Directions for this task: Please return only the lines from the one holding "X464.212 Y373.312 Z76.488" through the one holding "X462.825 Y371.924 Z77.874", exactly as they appear in the records below, both ends included.

Data records:
────────

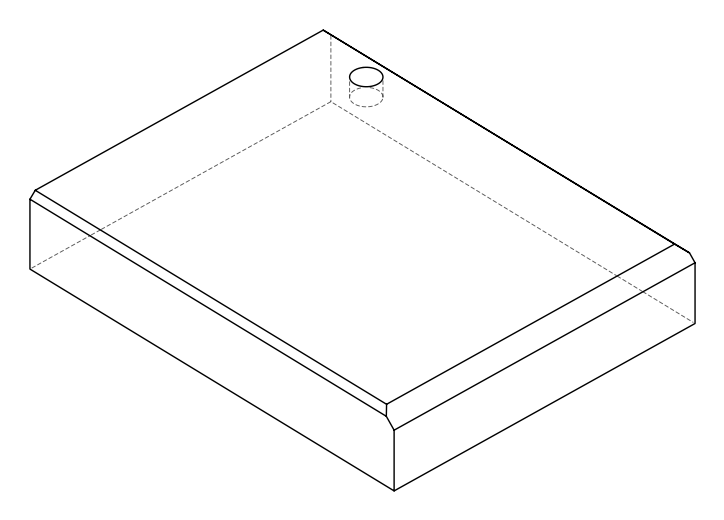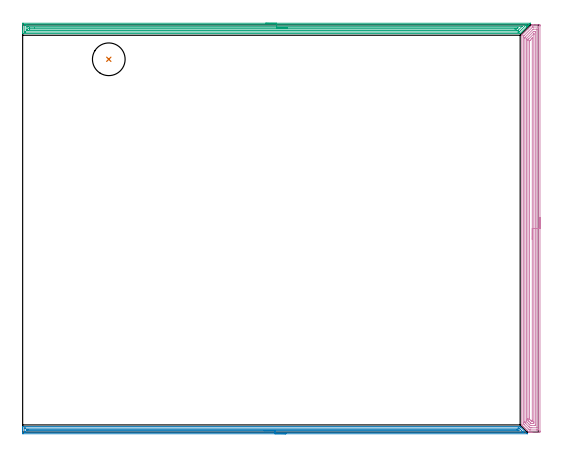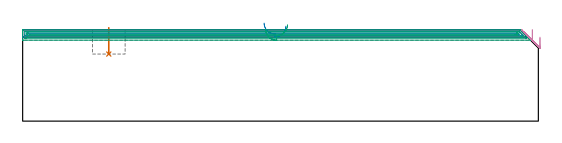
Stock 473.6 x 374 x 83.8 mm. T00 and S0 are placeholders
(PLAN: 4 operations, 1 tool changes, 44.4 min)
(1 INDEXABLE_INSERT_DRILL_BLIND_HOLE_FROM_SOLID | STEP1POCKET | UGT0302_009 | 0.1 min | 15676 mm3)
(2 AREA_MILL | FG_CHAMFER_SURFACE | UGT0205_001 | 11.22 min | 10188 mm3)
(3 AREA_MILL_1 | FG_CHAMFER_SURFACE_1 | UGT0205_001 | 14.97 min | 21282 mm3)
(4 AREA_MILL_2 | FG_CHAMFER_SURFACE_2 | UGT0205_001 | 18.09 min | 51437 mm3)
(TOOL UGT0302_009 | Indexable Insert Drill 30mm | D30 PA180 FL50 Z2)
(TOOL UGT0205_001 | Chamfer Mill 20 x 3 x 45 deg. | D20 FL50 Z2)
(OP 1 INDEXABLE_INSERT_DRILL_BLIND_HOLE_FROM_SOLID)
G17 G21 G94 G90
T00 M6
G54
G17 G0 G90 X79.1 Y342.4 S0 M3
G43 Z93.8 H0
G94 G81 G98 Z61.6 F250. R85.8
G80
M5
M2
(OP 2 AREA_MILL)
G17 G21 G94 G90
T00 M6
G54
G17 G0 G90 X241.75 Y-1.5 S1061 M3
G43 Z93.8 H0
Z87.2
G94 G1 X241.712 Z86.328 F250.
X241.598 Z85.463
X241.409 Z84.612
X241.147 Z83.78
X240.813 Z82.974
X240.41 Z82.2
X239.942 Z81.464
X239.411 Z80.772
X238.821 Z80.129
X238.178 Z79.54
X237.486 Z79.008
X236.75 Z78.54
X235.976 Z78.137
X235.17 Z77.803
X234.338 Z77.541
X233.487 Z77.352
X232.622 Z77.238
X231.75 Z77.2
X0.628
X0.015 Y-1.493 Z77.204
X0.007 Y-1.492 Z77.206
X0. Y-0.88 Z77.816
Y1.8 Z80.495
Y3.225 Z81.921
Y3.587 Z82.282
Y4.311 Z83.011
Y4.598 Z83.297
X0.007 Y5.033 Z83.724
X0.01 Y5.097 Z83.788
X0.181 Y5.1 Z83.8
X456.613
X456.896 Y5.096 Z83.787
X456.918 Y5.084 Z83.78
X457.507 Y4.493 Z83.192
X463.17 Y-1.169 Z77.53
X463.329 Y-1.327 Z77.37
X463.468 Y-1.471 Z77.227
X463.483 Y-1.494 Z77.203
X463.468 Y-1.499 Z77.199
X231.75 Y-1.5 Z77.2
Y-0.086 Z78.614
X2.417 Y-0.085 Z78.615
X2.318 Y-0.084 Z78.616
X2.12 Y-0.08 Z78.62
X2.009 Y-0.076 Z78.624
X2.006 Y-0.046 Z78.654
X2.004 Y0.013 Z78.713
X2. Y0.429 Z79.129
X2.001 Y3.587 Z82.287
X2.002 Y3.639 Z82.339
X2.006 Y3.664 Z82.364
X2.009 Y3.673 Z82.373
X2.024 Y3.679 Z82.379
X2.219 Y3.683 Z82.383
X2.318 Y3.685 Z82.385
X454.825 Y3.686 Z82.386
X455.621 Y3.685 Z82.385
X455.719 Y3.683 Z82.383
X455.817 Y3.679 Z82.379
X455.867 Y3.672 Z82.372
X455.898 Y3.645 Z82.345
X455.96 Y3.587 Z82.287
X456.613 Y2.937 Z81.637
X456.857 Y2.693 Z81.393
X458.401 Y1.149 Z79.849
X459.296 Y0.255 Z78.955
X459.534 Y0.013 Z78.713
X459.611 Y-0.07 Z78.63
X459.617 Y-0.078 Z78.622
X459.609 Y-0.079 Z78.621
X459.559 Y-0.083 Z78.617
X459.493 Y-0.085 Z78.615
X459.394 Y-0.086 Z78.614
X231.75
Y1.328 Z80.028
X4.205 Y1.329 Z80.029
X4.048 Y1.33 Z80.03
X4.022 Y1.332 Z80.032
X4.014 Y1.334 Z80.034
X4.01 Y1.351 Z80.051
X4.004 Y1.459 Z80.159
X4.001 Y1.595 Z80.295
X4. Y1.8 Z80.5
X4.001 Y2.003 Z80.703
X4.007 Y2.209 Z80.909
X4.01 Y2.262 Z80.962
X4.03 Y2.265 Z80.965
X4.087 Y2.268 Z80.968
X4.205 Y2.27 Z80.97
X4.627 Y2.271 Z80.971
X5.099
X453.459
X453.931 Y2.27 Z80.97
X454.356 Y2.269 Z80.969
X454.825 Y2.264 Z80.964
X455.295 Y1.8 Z80.5
X455.719 Y1.376 Z80.076
X455.753 Y1.335 Z80.035
X455.719 Y1.334 Z80.034
X455.295 Y1.33 Z80.03
X454.825 Y1.329 Z80.029
X454.403 Y1.328 Z80.028
X231.75
X230.879 Z80.066
X230.014 Z80.18
X229.162 Z80.369
X228.33 Z80.631
X227.524 Z80.965
X226.75 Z81.368
X226.014 Z81.837
X225.322 Z82.368
X224.679 Z82.957
X224.09 Z83.601
X223.559 Z84.293
X223.09 Z85.028
X222.687 Z85.802
X222.353 Z86.608
X222.091 Z87.44
X221.902 Z88.292
X221.788 Z89.157
X221.75 Z90.028
G0 Z93.8
M5
M2
(OP 3 AREA_MILL_1)
G17 G21 G94 G90
T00 M6
G54
G17 G0 G90 X223.2 Y375.5 S1061 M3
G43 Z93.8 H0
Z84.3
G94 G1 X223.238 Z83.428 F250.
X223.352 Z82.563
X223.541 Z81.712
X223.803 Z80.88
X224.137 Z80.074
X224.54 Z79.3
X225.009 Z78.564
X225.54 Z77.872
X226.129 Z77.229
X226.772 Z76.64
X227.464 Z76.108
X228.2 Z75.64
X228.974 Z75.237
X229.78 Z74.903
X230.612 Z74.641
X231.464 Z74.452
X232.328 Z74.338
X233.2 Z74.3
X466.384 Y375.499 Z74.299
X466.385 Y375.495 Z74.303
X466.384 Y375.485 Z74.313
X466.32 Y375.419 Z74.379
X466.209 Y375.308 Z74.491
X465.789 Y374.888 Z74.911
X465.593 Y374.691 Z75.105
X465.04 Y374.14 Z75.66
X464.896 Y373.995 Z75.803
X464.717 Y373.815 Z75.981
X464.212 Y373.312 Z76.488
X464.003 Y373.102 Z76.696
X463.842 Y372.939 Z76.855
X463.684 Y372.783 Z77.015
X463.557 Y372.656 Z77.142
X463.404 Y372.501 Z77.294
X463.254 Y372.353 Z77.445
X463.11 Y372.209 Z77.589
X462.966 Y372.064 Z77.732
X462.825 Y371.924 Z77.874
X462.664 Y371.763 Z78.035
X462.528 Y371.626 Z78.17
X457.097 Y366.197 Z83.603
X456.92 Y366.021 Z83.777
X456.895 Y366.006 Z83.792
X456.86 Y366. Z83.8
X0.165
X0.01 Y366.002 Z83.788
X0.003 Y366.135 Z83.658
X0. Y366.274 Z83.525
Y366.601 Z83.198
Y367.247 Z82.548
Y368.446 Z81.351
Y368.999 Z80.795
Y375.129 Z74.669
X0.003 Y375.408 Z74.389
X0.01 Y375.492 Z74.305
X0.096 Y375.499 Z74.299
X0.611 Y375.5 Z74.3
X233.2
Y374.086 Z75.714
X462.037 Y374.085 Z75.715
X462.217 Y374.084 Z75.716
X462.394 Y374.08 Z75.72
X462.513 Y374.074 Z75.726
X462.459 Y374.016 Z75.784
X462.315 Y373.866 Z75.934
X462.217 Y373.767 Z76.033
X462.021 Y373.57 Z76.23
X456.273 Y367.823 Z81.977
X455.967 Y367.522 Z82.278
X455.871 Y367.432 Z82.368
X455.791 Y367.42 Z82.38
X455.075 Y367.415 Z82.385
X454.904
X2.397
X2.225 Y367.416 Z82.384
X2.049 Y367.42 Z82.38
X2.013 Y367.421 Z82.379
X2.008 Y367.444 Z82.356
X2.004 Y367.474 Z82.326
X2.001 Y367.636 Z82.164
X2. Y373.766 Z76.034
X2.002 Y373.896 Z75.904
X2.006 Y374. Z75.8
X2.01 Y374.067 Z75.733
X2.019 Y374.079 Z75.721
X2.037 Y374.08 Z75.72
X2.397 Y374.085 Z75.715
X2.568 Y374.086 Z75.714
X3.29
X233.2
Y372.672 Z77.128
X458.473 Y372.671 Z77.129
X458.531
X458.646 Y372.666 Z77.134
X458.652 Y372.665 Z77.135
X458.651 Y372.658 Z77.142
X458.646 Y372.647 Z77.153
X458.573 Y372.573 Z77.227
X458.502 Y372.501 Z77.299
X455.075 Y369.074 Z80.726
X455.036 Y369.036 Z80.764
X454.998 Y368.999 Z80.801
X454.833 Y368.844 Z80.956
X454.528 Y368.834 Z80.966
X454.353 Y368.83 Z80.97
X454.182 Y368.829 Z80.971
X453.462 Y368.828 Z80.972
X5.075 Y368.829 Z80.971
X4.354 Y368.83 Z80.97
X4.183 Y368.832 Z80.968
X4.019 Y368.835 Z80.965
X4.01 Y368.999 Z80.801
X4.003 Y369.175 Z80.625
X4. Y369.874 Z79.926
Y370.053 Z79.747
X4.001 Y371.804 Z77.996
X4.01 Y372.501 Z77.299
X4.016 Y372.665 Z77.135
X5.075 Y372.671 Z77.129
X233.2 Y372.672 Z77.128
Y371.257 Z78.543
X454.558
X454.686 Y371.255 Z78.545
X454.754 Y371.253 Z78.547
X454.785 Y371.251 Z78.549
X454.774 Y371.235 Z78.565
X454.741 Y371.195 Z78.605
X454.683 Y371.134 Z78.666
X454.182 Y370.631 Z79.169
X453.794 Y370.255 Z79.545
X453.289 Y370.248 Z79.552
X452.912 Y370.244 Z79.556
X452.396 Y370.243 Z79.557
X452.02
X6.485
X6.135 Y370.245 Z79.555
X6.075 Y370.246 Z79.554
X6.017 Y370.249 Z79.551
X6.01 Y370.332 Z79.468
X6. Y370.718 Z79.082
Y370.75 Z79.05
X6.004 Y371.172 Z78.628
X6.007 Y371.225 Z78.575
X6.009 Y371.246 Z78.554
X6.035 Y371.25 Z78.55
X6.172 Y371.254 Z78.546
X6.345 Y371.256 Z78.544
X10.767 Y371.257 Z78.543
X233.2
X234.072 Z78.581
X234.937 Z78.695
X235.788 Z78.883
X236.62 Z79.146
X237.426 Z79.48
X238.2 Z79.882
X238.936 Z80.351
X239.628 Z80.882
X240.271 Z81.472
X240.86 Z82.115
X241.392 Z82.807
X241.86 Z83.543
X242.263 Z84.316
X242.597 Z85.122
X242.859 Z85.954
X243.048 Z86.806
X243.162 Z87.671
X243.2 Z88.543
G0 Z93.8
M5
M2
(OP 4 AREA_MILL_2)
G17 G21 G94 G90
T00 M6
G54
G17 G0 G90 X475.1 Y197. S1061 M3
G43 Z93.8 H0
Z77.1
G94 G1 Y196.962 Z76.228 F250.
Y196.848 Z75.364
Y196.659 Z74.512
Y196.397 Z73.68
Y196.063 Z72.874
Y195.66 Z72.1
Y195.192 Z71.364
Y194.66 Z70.672
Y194.071 Z70.029
Y193.428 Z69.44
Y192.736 Z68.909
Y192. Z68.44
Y191.226 Z68.037
Y190.42 Z67.703
Y189.588 Z67.441
Y188.737 Z67.252
Y187.872 Z67.138
Y187. Z67.1
Y1.082
X475.099 Y0.626 Z67.101
X475.095 Y0.193 Z67.103
X475.092 Y0.01 Z67.106
X474.67 Y0. Z67.528
X468.51 Z73.685
X467.101 Z75.095
X466.75 Z75.446
X466.047 Z76.153
X465.693 Z76.507
X464.999 Y0.01 Z77.2
X464.99 Y0.016 Z77.209
X464.822 Y0.179 Z77.378
X463.365 Y1.635 Z78.835
X463.23 Y1.768 Z78.967
X463.182 Y1.817 Z79.016
X462.524 Y2.476 Z79.676
X462.35 Y2.648 Z79.846
X461.683 Y3.317 Z80.517
X461.47 Y3.528 Z80.726
X460.843 Y4.157 Z81.357
X460.799 Y4.201 Z81.401
X460.59 Y4.408 Z81.606
X460.002 Y4.997 Z82.197
X459.904 Y5.095 Z82.294
X459.71 Y5.288 Z82.486
X459.162 Y5.838 Z83.038
X458.518 Y6.482 Z83.68
X458.406 Y6.596 Z83.791
X458.4 Y6.883 Z83.8
Y364.436
X458.405 Y364.494 Z83.79
X458.449 Y364.55 Z83.749
X464.11 Y370.21 Z78.089
X467.751 Y373.852 Z74.447
X467.811 Y373.913 Z74.384
X467.898 Y373.99 Z74.293
X467.978 Y373.998 Z74.214
X468.421 Y374. Z73.778
X468.687 Z73.513
X469.39 Z72.805
X470.621 Z71.576
X472.03 Z70.166
X472.645 Z69.551
X474.405 Z67.792
X474.67 Y373.996 Z67.527
X475.092 Y373.99 Z67.106
X475.095 Y373.807 Z67.103
X475.099 Y373.375 Z67.101
X475.1 Y372.937 Z67.1
Y187.
X473.686 Z68.514
X473.685 Y2.52 Z68.515
X473.684 Y2.413 Z68.516
X473.679 Y2.029 Z68.521
X473.308 Y2.009 Z68.892
X472.91 Y2.003 Z69.29
X472.436 Y2. Z69.764
X472.03 Z70.17
X466.276 Y2.001 Z75.924
X465.87 Y2.005 Z76.33
X465.465 Y2.01 Z76.735
X465.038 Y2.413 Z77.162
X460.568 Y6.883 Z81.632
X459.821 Y7.664 Z82.379
X459.814 Y8.67 Z82.386
X459.815 Y362.648 Z82.385
X459.819 Y363.431 Z82.381
X459.821 Y363.458 Z82.379
X459.834 Y363.475 Z82.366
X459.894 Y363.542 Z82.306
X460.244 Y363.894 Z81.956
X460.59 Y364.241 Z81.61
X467.937 Y371.587 Z74.263
X468.229 Y371.872 Z73.971
X468.324 Y371.963 Z73.876
X468.359 Y371.99 Z73.841
X468.408 Y371.993 Z73.792
X468.51 Y371.997 Z73.69
X468.983 Y372. Z73.217
X473.383 Z68.817
X473.596 Y371.998 Z68.604
X473.63 Y371.996 Z68.57
X473.664 Y371.99 Z68.536
X473.679 Y371.983 Z68.521
X473.68 Y371.957 Z68.52
X473.685 Y371.693 Z68.515
X473.686 Y187. Z68.514
X472.272 Z69.928
X472.271 Y4.201 Z69.929
X472.27 Y4.078 Z69.93
X472.267 Y4.018 Z69.933
X472.265 Y4.011 Z69.935
X472.255 Y4.007 Z69.945
X472.226 Y4.002 Z69.974
X467.63 Y4. Z74.57
X466.75 Z75.45
X466.066 Y4.002 Z76.134
X465.969 Y4.006 Z76.231
X465.921 Y4.01 Z76.279
X465.87 Y4.041 Z76.33
X465.702 Y4.201 Z76.498
X464.99 Y4.909 Z77.21
X464.804 Y5.095 Z77.396
X462.123 Y7.777 Z80.077
X461.47 Y8.438 Z80.73
X461.243 Y8.67 Z80.957
X461.236 Y8.909 Z80.964
X461.23 Y9.564 Z80.97
X461.229 Y9.81 Z80.971
Y361.754
Y361.999
X461.233 Y362.324 Z80.967
X461.235 Y362.402 Z80.965
X461.246 Y362.435 Z80.954
X461.459 Y362.66 Z80.741
X468.599 Y369.799 Z73.601
X468.761 Y369.953 Z73.439
X468.791 Y369.98 Z73.409
X468.863 Y369.99 Z73.337
X468.994 Y369.995 Z73.206
X469.193 Y369.999 Z73.007
X471.833 Z70.367
X472.03 Y369.996 Z70.17
X472.227 Y369.99 Z69.973
X472.265 Y369.981 Z69.935
X472.267 Y369.946 Z69.933
X472.27 Y369.881 Z69.93
X472.271 Y369.799 Z69.929
Y369.553
X472.272 Y187. Z69.928
X470.857 Z71.343
Y6.883
X470.855 Y6.288 Z71.345
X470.852 Y6.087 Z71.348
X470.851 Y6.023 Z71.349
X470.812 Y6.01 Z71.388
X470.704 Y6.007 Z71.496
X470.27 Y6. Z71.93
X466.739 Z75.461
X466.522 Y6.003 Z75.678
X466.413 Y6.007 Z75.787
X466.361 Y6.01 Z75.839
X466.266 Y6.095 Z75.934
X465.87 Y6.483 Z76.33
X465.466 Y6.883 Z76.734
X464.99 Y7.358 Z77.21
X463.678 Y8.67 Z78.522
X463.23 Y9.12 Z78.97
X462.792 Y9.564 Z79.408
X462.65 Y9.719 Z79.55
X462.647 Y9.863 Z79.553
X462.644 Y10.16 Z79.556
X462.643 Y10.458 Z79.557
Y11.055
Y360.86
X462.645 Y361.159 Z79.555
X462.647 Y361.307 Z79.553
X462.65 Y361.378 Z79.55
X462.68 Y361.419 Z79.52
X463.004 Y361.754 Z79.196
X468.882 Y367.633 Z73.318
X469.053 Y367.801 Z73.147
X469.19 Y367.933 Z73.01
X469.233 Y367.972 Z72.967
X469.282 Y367.99 Z72.918
X469.39 Y367.999 Z72.81
X469.401 Y368. Z72.799
X470.281 Z71.919
X470.704 Y367.994 Z71.496
X470.81 Y367.99 Z71.39
X470.851 Y367.985 Z71.349
X470.853 Y367.949 Z71.347
X470.855 Y367.858 Z71.345
X470.857 Y367.415 Z71.343
Y367.117
Y187.
X469.443 Z72.757
Y9.51
X469.44 Y8.67 Z72.76
X469.439 Y8.621 Z72.761
X469.39 Y8.01 Z72.81
X469.166 Y8.004 Z73.034
X468.51 Y8.001 Z73.69
X468.29 Y8. Z73.91
X467.41 Z74.79
X467.08 Y8.002 Z75.12
X466.915 Y8.005 Z75.285
X466.833 Y8.01 Z75.367
X466.793 Y8.017 Z75.407
X466.75 Y8.057 Z75.45
X466.128 Y8.67 Z76.072
X464.99 Y9.808 Z77.21
X464.344 Y10.458 Z77.856
X464.11 Y10.7 Z78.09
X464.062 Y11.352 Z78.138
X464.059 Y11.404 Z78.141
X464.057 Y12.246 Z78.143
Y12.3
Y360.02
X464.058 Y360.075 Z78.142
X464.061 Y360.183 Z78.139
X464.068 Y360.358 Z78.132
X464.11 Y360.404 Z78.09
X464.334 Y360.633 Z77.866
X464.558 Y360.86 Z77.642
X464.776 Y361.078 Z77.424
X469.39 Y365.691 Z72.81
X469.416 Y365.716 Z72.784
X469.432 Y365.728 Z72.768
X469.434 Y365.729 Z72.766
X469.436 Y365.707 Z72.764
X469.441 Y365.492 Z72.759
X469.443 Y365.384 Z72.757
Y187.
X468.029 Z74.171
X468.028 Y10.947 Z74.172
X468.026 Y10.458 Z74.174
X468.022 Y10.06 Z74.178
X468.018 Y10.01 Z74.182
X467.968 Y10.007 Z74.232
X467.855 Y10.003 Z74.345
X467.63 Y10.001 Z74.57
X467.48 Z74.72
X467.359 Y10.005 Z74.841
X467.28 Y10.01 Z74.92
X467.242 Y10.018 Z74.958
X466.75 Y10.498 Z75.45
X465.87 Y11.377 Z76.33
X465.656 Y11.594 Z76.544
X465.55 Y11.704 Z76.65
X465.498 Y11.761 Z76.702
X465.478 Y11.791 Z76.722
X465.477 Y11.841 Z76.723
X465.473 Y12.246 Z76.727
X465.471 Y12.651 Z76.729
Y13.14
X465.472 Y358.583 Z76.728
X465.474 Y359.072 Z76.726
X465.478 Y359.274 Z76.722
X465.479 Y359.32 Z76.721
X465.504 Y359.349 Z76.696
X465.55 Y359.398 Z76.65
X465.87 Y359.722 Z76.33
X465.991 Y359.843 Z76.209
X467.902 Y361.754 Z74.298
X467.948 Y361.8 Z74.252
X467.986 Y361.835 Z74.214
X468.011 Y361.855 Z74.189
X468.023 Y361.861 Z74.177
X468.024 Y361.852 Z74.176
X468.028 Y361.798 Z74.172
Y361.754
X468.029 Y361.541 Z74.171
Y187.
Y186.128 Z74.209
Y185.264 Z74.323
Y184.412 Z74.512
Y183.58 Z74.774
Y182.774 Z75.108
Y182. Z75.511
Y181.264 Z75.98
Y180.572 Z76.511
Y179.929 Z77.1
Y179.34 Z77.743
Y178.809 Z78.435
Y178.34 Z79.171
Y177.937 Z79.945
Y177.603 Z80.751
Y177.341 Z81.583
Y177.152 Z82.435
Y177.038 Z83.3
Y177. Z84.171
G0 Z93.8
M5
M2

────────

Reply to the task:
X464.212 Y373.312 Z76.488
X464.003 Y373.102 Z76.696
X463.842 Y372.939 Z76.855
X463.684 Y372.783 Z77.015
X463.557 Y372.656 Z77.142
X463.404 Y372.501 Z77.294
X463.254 Y372.353 Z77.445
X463.11 Y372.209 Z77.589
X462.966 Y372.064 Z77.732
X462.825 Y371.924 Z77.874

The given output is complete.